Making your first investment can be both incredibly daunting and rewarding. If I were to go back in time to my very first investment, my approach would be to invest in blue-chip, large-cap S&P/ASX 200 (INDEXASX: XJO) shares. The focus here is not on your typical big four banks, but rather shares that have a strong track record and/or sector tailwinds.
So, in that vein, here are 3 ASX 200 shares that have performed strongly in both the short and long term and could be worthy of your first investment.
1. Magellan Financial Group Ltd (ASX: MFG)
Magellan Financial Group is a funds management businesses that also offers international investment funds to high net worth and retail investors in Australia, New Zealand and institutional investors globally.
As Magellan is a fund manager, it is important to observe MFG's monthly updates regarding its funds under management inflows/outflows and the overall state of the global equity market. The more inflow of capital it gets, and better financial market conditions, the more profitable Magellan is.
Magellan is arguably one of the best fund managers out there. Its quality can be reflected in its share price, which soared by more than 150% in 2019. The company has enjoyed strong performance in its global equity and infrastructure strategies, despite challenging market conditions. In FY19, Magellan's average funds under management increased 28% to $75.8 billion, management and services fees rose by 22% to $472.5 million and profit before tax and performance fees rose by 29% to $376.2 million. Magellan also pays a 3.4% dividend yield.

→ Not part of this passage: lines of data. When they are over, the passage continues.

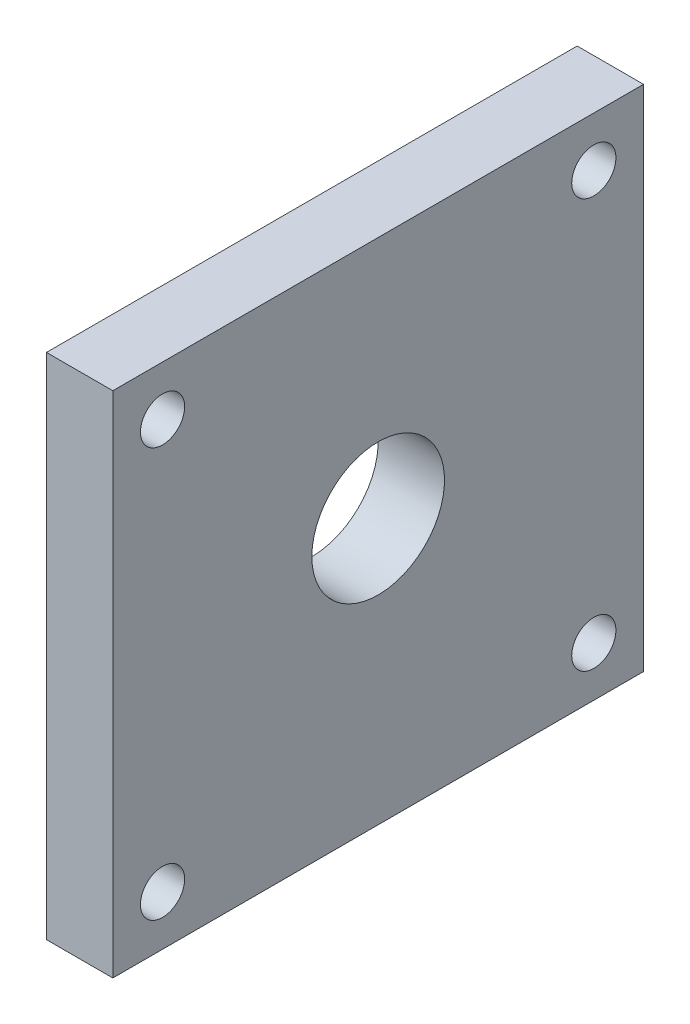
SolidWorks part; units mm, degrees
material "7079 Alloy"
ref_plane "Front Plane" through (0, 0, 0) normal (0, 0, 1) x (1, 0, 0)
ref_plane "Top Plane" through (0, 0, 0) normal (0, 1, 0) x (1, 0, 0)
ref_plane "Right Plane" through (0, 0, 0) normal (1, 0, 0) x (0, 0, -1)
sketch "Sketch1" plane through (0, 0, 0) normal (1, 0, 0) x (0, 0, -1)
  line L1 (0, 0) -> (76.2, 0)
  line L2 (0, 0) -> (0, -73.025)
  line L3 (0, -73.025) -> (76.2, -73.025)
  line L4 (76.2, 0) -> (76.2, -73.025)
  dimension "D1" = 76.2
  dimension "D2" = 73.025
extrude "Extrude1" add sketch "Sketch1" along normal blind 9.525
sketch "Sketch8" plane through (0, 0, 0) normal (-1, 0, 0) x (0, 0, 1)
  circle A1 centre (-7.1374, -7.1374) radius 3.175
  circle A2 centre (-69.0626, -7.1374) radius 3.175
  circle A3 centre (-69.0626, -65.8876) radius 3.175
  circle A4 centre (-7.1374, -65.8876) radius 3.175
  circle A5 centre (-38.1, -34.925) radius 9.525
  dimension "D1" = 6.35
  dimension "D2" = 6.35
  dimension "D3" = 6.35
  dimension "D5" = 6.35
  dimension "D8" = 19.05
extrude "Cut-Extrude5" cut sketch "Sketch8" against normal through all
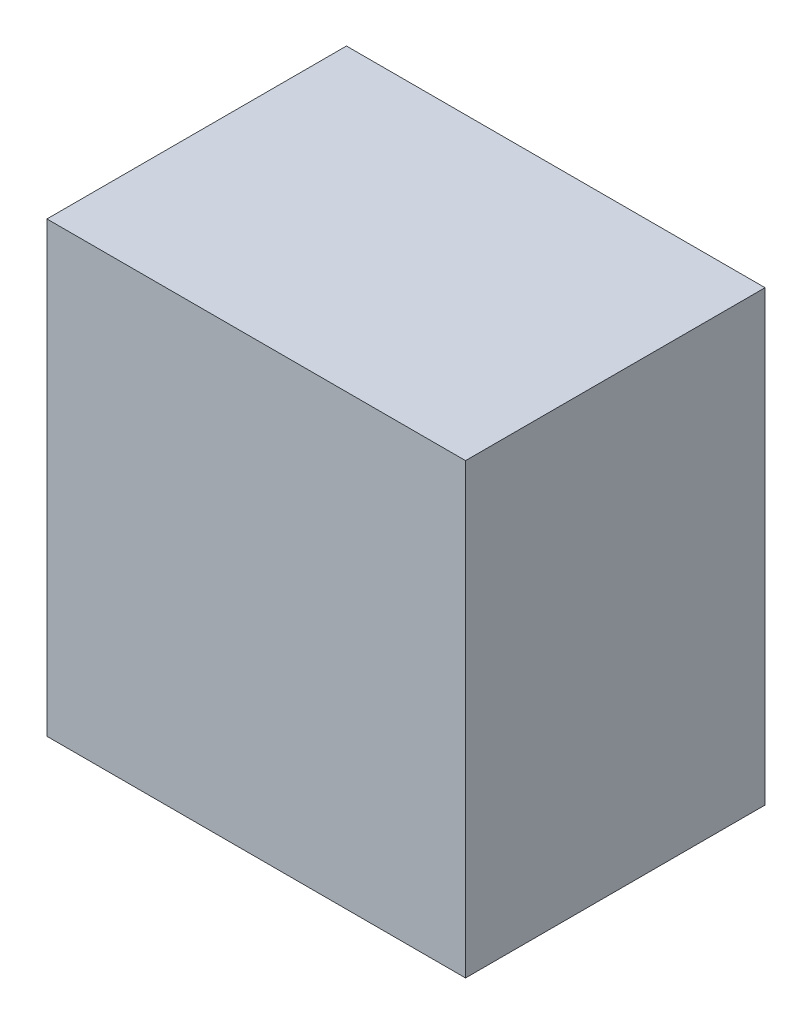
SolidWorks part; units mm, degrees
material "Balsa"
ref_plane "Front Plane" through (0, 0, 0) normal (0, 0, 1) x (1, 0, 0)
ref_plane "Top Plane" through (0, 0, 0) normal (0, 1, 0) x (1, 0, 0)
ref_plane "Right Plane" through (0, 0, 0) normal (1, 0, 0) x (0, 0, -1)
sketch "Sketch1" plane through (0, 0, 0) normal (0, 1, 0) x (1, 0, 0)
  line L1 (-35.0012, -25.0444) -> (35.0012, -25.0444)
  line L2 (-35.0012, -25.0444) -> (-35.0012, 25.0444)
  line L3 (-35.0012, 25.0444) -> (35.0012, 25.0444)
  line L4 (35.0012, -25.0444) -> (35.0012, 25.0444)
  line L5 (-35.0012, -25.0444) -> (35.0012, 25.0444) construction
  line L6 (-35.0012, 25.0444) -> (35.0012, -25.0444) construction
  point P0 (0, 0)
  dimension "D1" = 70.0024
  dimension "D2" = 50.0888
extrude "Boss-Extrude1" add sketch "Sketch1" along normal blind 74.93
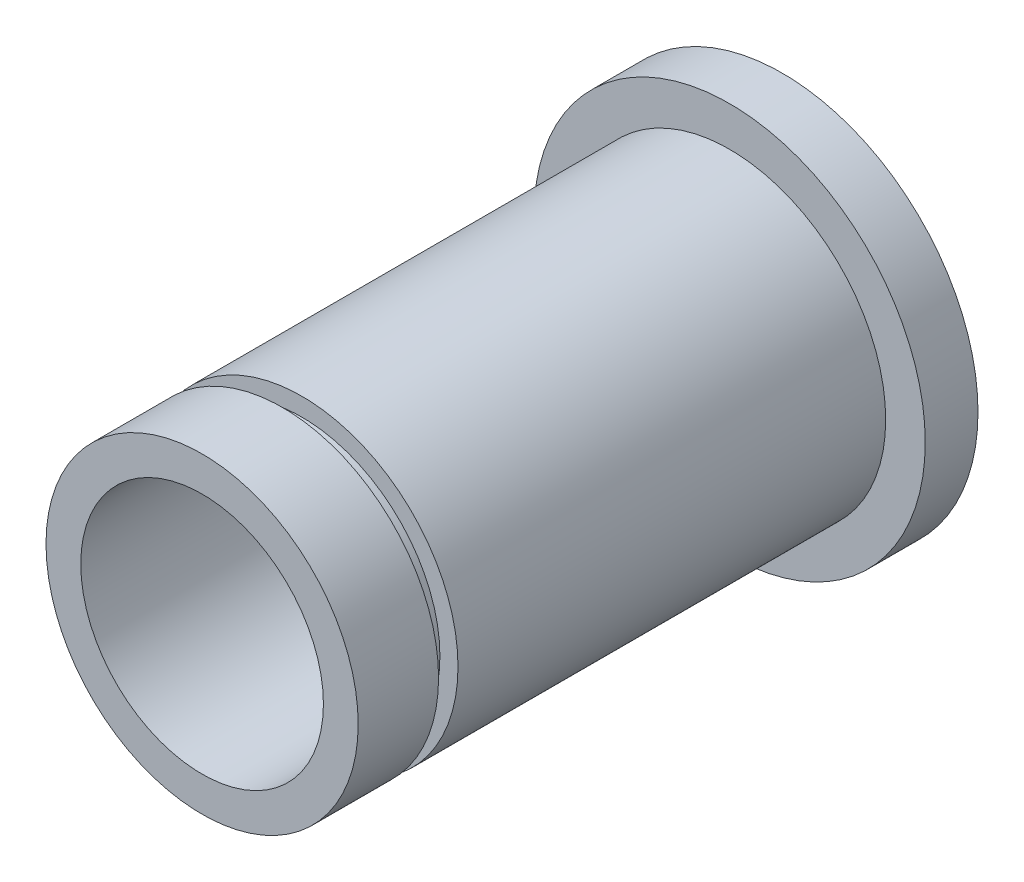
SolidWorks part; units mm, degrees
material "6061-T6 (SS)"
ref_plane "Front Plane" through (0, 0, 0) normal (0, 0, 1) x (1, 0, 0)
ref_plane "Top Plane" through (0, 0, 0) normal (0, 1, 0) x (1, 0, 0)
ref_plane "Right Plane" through (0, 0, 0) normal (1, 0, 0) x (0, 0, -1)
sketch "Sketch1" plane through (0, 0, 0) normal (1, 0, 0) x (0, 0, -1)
  line L0 (0, 5.9182) -> (3.048, 5.9182)
  line L1 (0, 4.6) -> (0, 5.9182)
  line L8 (0, 0) -> (15.3934, 0) construction
  line L9 (0, 0) -> (0, -9.0032) construction
  line L12 (3.7846, 5.9182) -> (20, 5.9182)
  line L13 (3.048, 5.2324) -> (3.048, 5.9182)
  line L14 (3.7846, 5.2324) -> (3.048, 5.2324)
  line L15 (3.7846, 5.9182) -> (3.7846, 5.2324)
  line L16 (22, 7.4182) -> (22, 4.6)
  line L17 (20, 7.4182) -> (22, 7.4182)
  line L18 (20, 5.9182) -> (20, 7.4182)
  line L19 (0, 4.6) -> (22, 4.6)
  dimension "D1" = 11.8364
  dimension "D2" = 3.048
  dimension "D3" = 9.2
  dimension "D4" = 0.7366
  dimension "D5" = 1.5
  dimension "D6" = 2
  dimension "D7" = 20
  dimension "D9" = 10.4648
revolve "Revolve1" add sketch "Sketch1" angle 360 about L8

2. Computershare Limited (ASX: CPU)
Computershare primarily provides stock registration and transfer services to companies listed on stock markets, but also offers technology services for stock exchanges, investor services for shareholders and employee share plan management across more than 20 countries.
The company provides necessary services to investors and institutions alike, while also expanding its service verticals to include mortgage services in the United States and the United Kingdom. Computershare has seen quality recurring revenues and consistent high returns with a recurring revenue compound annual growth rate (CAGR) of 8.4% for the past 10 years.
Computershare would represent a reliable, slow-moving, long-term investment that also pays investors a 2.6% dividend.
3. BHP Group Ltd (ASX: BHP)
BHP is the second largest mining company in the world behind British-Swiss miner, Glencore. The company is a diversified natural resources company producing commodities including petroleum, copper, iron ore, metallurgical coal, energy coal and nickel.
There has been a strong lift in commodity prices across the board in 2019. Notably, iron ore prices skyrocketed in 2019 following the tailings dam collapse in Brazil, halting production of the world's largest iron ore miner, Vale SA. This resulted in the iron ore spot price soaring from US$70 per tonne to a peak of US$120. Iron ore prices have normalised, but still sit at an elevated US$90 per tonne. Strong commodity prices can be reflected in BHP's net profit, which increased 124% in FY19.
The commodity markets are expected to remain strong, which can provide further tailwinds for BHP in 2020. BHP also pays a 4.9% dividend.